▶ _DATA PROVIDED_:
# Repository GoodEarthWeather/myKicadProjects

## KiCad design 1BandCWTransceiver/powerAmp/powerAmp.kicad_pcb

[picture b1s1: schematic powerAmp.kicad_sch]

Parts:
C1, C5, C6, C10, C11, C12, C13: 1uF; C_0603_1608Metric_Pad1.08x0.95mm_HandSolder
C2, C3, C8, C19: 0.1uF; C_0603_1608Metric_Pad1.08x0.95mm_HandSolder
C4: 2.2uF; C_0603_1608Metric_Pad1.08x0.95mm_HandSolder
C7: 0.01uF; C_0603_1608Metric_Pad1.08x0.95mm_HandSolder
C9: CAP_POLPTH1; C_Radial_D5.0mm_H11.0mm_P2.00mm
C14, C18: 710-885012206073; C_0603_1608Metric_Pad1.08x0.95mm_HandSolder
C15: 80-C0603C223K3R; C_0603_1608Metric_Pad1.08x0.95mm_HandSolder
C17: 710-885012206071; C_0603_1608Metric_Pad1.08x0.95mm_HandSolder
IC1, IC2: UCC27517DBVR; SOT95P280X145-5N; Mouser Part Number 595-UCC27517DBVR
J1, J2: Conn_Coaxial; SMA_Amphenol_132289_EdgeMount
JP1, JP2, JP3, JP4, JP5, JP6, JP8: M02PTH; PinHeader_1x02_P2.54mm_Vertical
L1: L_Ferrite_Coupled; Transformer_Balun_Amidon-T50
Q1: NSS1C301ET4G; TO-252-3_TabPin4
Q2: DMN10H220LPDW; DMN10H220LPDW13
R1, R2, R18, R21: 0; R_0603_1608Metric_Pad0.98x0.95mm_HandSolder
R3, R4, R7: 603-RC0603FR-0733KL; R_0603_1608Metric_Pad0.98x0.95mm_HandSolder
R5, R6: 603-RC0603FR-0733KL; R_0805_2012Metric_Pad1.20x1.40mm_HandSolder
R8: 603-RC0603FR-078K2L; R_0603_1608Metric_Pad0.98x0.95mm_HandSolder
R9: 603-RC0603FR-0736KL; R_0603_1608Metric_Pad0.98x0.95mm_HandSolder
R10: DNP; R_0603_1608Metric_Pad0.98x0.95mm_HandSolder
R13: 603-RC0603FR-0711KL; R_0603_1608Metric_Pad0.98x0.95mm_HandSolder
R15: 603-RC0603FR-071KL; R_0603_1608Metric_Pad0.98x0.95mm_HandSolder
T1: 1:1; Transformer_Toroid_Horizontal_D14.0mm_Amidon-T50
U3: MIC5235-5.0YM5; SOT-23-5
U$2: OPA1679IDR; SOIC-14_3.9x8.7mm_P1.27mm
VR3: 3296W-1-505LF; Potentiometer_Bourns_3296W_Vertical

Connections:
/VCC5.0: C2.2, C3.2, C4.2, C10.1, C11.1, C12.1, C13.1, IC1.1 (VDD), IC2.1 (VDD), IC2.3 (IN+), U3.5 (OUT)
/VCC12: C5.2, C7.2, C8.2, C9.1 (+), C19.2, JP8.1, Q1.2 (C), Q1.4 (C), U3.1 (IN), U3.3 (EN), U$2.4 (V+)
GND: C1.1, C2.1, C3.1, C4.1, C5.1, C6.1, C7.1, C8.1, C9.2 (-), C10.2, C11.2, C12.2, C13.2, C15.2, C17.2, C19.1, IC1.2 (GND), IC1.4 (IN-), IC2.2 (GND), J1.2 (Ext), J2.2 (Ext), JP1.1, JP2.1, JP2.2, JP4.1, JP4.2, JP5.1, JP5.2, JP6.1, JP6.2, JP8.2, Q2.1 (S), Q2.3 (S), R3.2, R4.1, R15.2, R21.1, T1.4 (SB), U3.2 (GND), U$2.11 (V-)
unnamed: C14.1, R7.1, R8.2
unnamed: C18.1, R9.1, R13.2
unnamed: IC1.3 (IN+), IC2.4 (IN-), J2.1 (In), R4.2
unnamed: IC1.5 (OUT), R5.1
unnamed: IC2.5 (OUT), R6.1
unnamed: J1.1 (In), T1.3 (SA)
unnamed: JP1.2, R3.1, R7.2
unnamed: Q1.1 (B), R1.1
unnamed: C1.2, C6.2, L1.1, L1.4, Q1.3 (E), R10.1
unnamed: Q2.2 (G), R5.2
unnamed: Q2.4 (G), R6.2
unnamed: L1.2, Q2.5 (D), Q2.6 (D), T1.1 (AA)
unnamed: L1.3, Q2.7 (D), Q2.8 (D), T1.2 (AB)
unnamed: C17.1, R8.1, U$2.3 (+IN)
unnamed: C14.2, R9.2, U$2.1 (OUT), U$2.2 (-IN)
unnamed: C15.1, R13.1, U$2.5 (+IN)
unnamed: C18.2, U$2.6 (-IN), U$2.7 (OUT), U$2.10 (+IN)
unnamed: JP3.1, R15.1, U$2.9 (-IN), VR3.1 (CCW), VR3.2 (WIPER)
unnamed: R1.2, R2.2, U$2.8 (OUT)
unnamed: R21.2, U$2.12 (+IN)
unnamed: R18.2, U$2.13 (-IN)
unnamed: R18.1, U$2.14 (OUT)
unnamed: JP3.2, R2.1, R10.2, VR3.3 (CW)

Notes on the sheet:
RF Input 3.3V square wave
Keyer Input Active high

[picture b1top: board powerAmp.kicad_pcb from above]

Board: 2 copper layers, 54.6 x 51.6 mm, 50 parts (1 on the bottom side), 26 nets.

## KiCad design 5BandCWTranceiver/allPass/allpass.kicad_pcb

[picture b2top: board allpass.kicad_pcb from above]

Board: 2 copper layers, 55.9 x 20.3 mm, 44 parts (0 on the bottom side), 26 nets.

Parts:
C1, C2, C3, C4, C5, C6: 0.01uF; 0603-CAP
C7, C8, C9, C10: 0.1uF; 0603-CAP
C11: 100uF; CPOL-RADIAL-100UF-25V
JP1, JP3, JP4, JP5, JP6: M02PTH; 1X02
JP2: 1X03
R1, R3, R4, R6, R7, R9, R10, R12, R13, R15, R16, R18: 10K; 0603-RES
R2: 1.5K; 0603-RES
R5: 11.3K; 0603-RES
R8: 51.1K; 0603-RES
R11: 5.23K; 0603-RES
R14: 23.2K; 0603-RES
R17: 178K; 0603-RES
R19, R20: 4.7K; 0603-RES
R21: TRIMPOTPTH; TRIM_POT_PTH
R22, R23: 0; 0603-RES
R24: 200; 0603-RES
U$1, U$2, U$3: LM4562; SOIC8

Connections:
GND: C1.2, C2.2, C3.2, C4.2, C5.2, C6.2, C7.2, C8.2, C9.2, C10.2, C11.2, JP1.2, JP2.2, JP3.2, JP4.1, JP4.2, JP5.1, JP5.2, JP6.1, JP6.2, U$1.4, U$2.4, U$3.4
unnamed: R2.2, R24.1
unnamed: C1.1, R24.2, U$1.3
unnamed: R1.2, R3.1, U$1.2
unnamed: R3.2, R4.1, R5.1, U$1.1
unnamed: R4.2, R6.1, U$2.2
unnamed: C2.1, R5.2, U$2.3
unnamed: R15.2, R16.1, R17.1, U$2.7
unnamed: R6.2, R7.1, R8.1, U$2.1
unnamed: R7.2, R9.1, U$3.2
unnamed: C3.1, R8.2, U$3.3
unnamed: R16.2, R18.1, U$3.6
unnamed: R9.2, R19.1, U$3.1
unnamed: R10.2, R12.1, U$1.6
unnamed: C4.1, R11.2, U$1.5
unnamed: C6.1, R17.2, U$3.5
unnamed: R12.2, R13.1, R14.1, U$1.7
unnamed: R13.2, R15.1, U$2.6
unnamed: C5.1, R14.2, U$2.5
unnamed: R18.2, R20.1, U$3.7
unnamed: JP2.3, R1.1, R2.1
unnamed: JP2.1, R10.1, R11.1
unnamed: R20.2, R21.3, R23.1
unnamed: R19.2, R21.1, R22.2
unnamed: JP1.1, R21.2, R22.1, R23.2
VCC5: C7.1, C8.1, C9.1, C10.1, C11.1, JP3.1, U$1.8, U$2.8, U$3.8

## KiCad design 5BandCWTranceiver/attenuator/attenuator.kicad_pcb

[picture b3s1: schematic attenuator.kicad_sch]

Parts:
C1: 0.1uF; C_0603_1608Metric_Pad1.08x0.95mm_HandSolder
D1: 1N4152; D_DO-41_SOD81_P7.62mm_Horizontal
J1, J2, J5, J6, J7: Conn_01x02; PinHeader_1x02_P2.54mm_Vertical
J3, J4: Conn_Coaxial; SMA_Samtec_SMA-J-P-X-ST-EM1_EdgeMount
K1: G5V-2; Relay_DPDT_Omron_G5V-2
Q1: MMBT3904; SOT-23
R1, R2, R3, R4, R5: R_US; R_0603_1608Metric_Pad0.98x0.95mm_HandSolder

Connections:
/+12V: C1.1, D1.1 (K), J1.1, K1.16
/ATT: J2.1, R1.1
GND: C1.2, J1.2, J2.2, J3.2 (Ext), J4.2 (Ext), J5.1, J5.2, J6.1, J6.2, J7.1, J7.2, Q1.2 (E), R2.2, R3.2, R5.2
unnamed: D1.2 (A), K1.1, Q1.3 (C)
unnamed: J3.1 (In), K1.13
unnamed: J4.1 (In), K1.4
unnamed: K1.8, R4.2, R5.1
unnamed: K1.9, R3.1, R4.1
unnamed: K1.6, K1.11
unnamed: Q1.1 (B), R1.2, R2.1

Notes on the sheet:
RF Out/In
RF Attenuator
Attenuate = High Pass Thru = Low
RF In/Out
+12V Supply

▶ _PROBLEM DETAILS_: Wherever a line of the entries holds the string "copper", copy that line.

▶ _SOLUTION_:
Board: 2 copper layers, 54.6 x 51.6 mm, 50 parts (1 on the bottom side), 26 nets.
Board: 2 copper layers, 55.9 x 20.3 mm, 44 parts (0 on the bottom side), 26 nets.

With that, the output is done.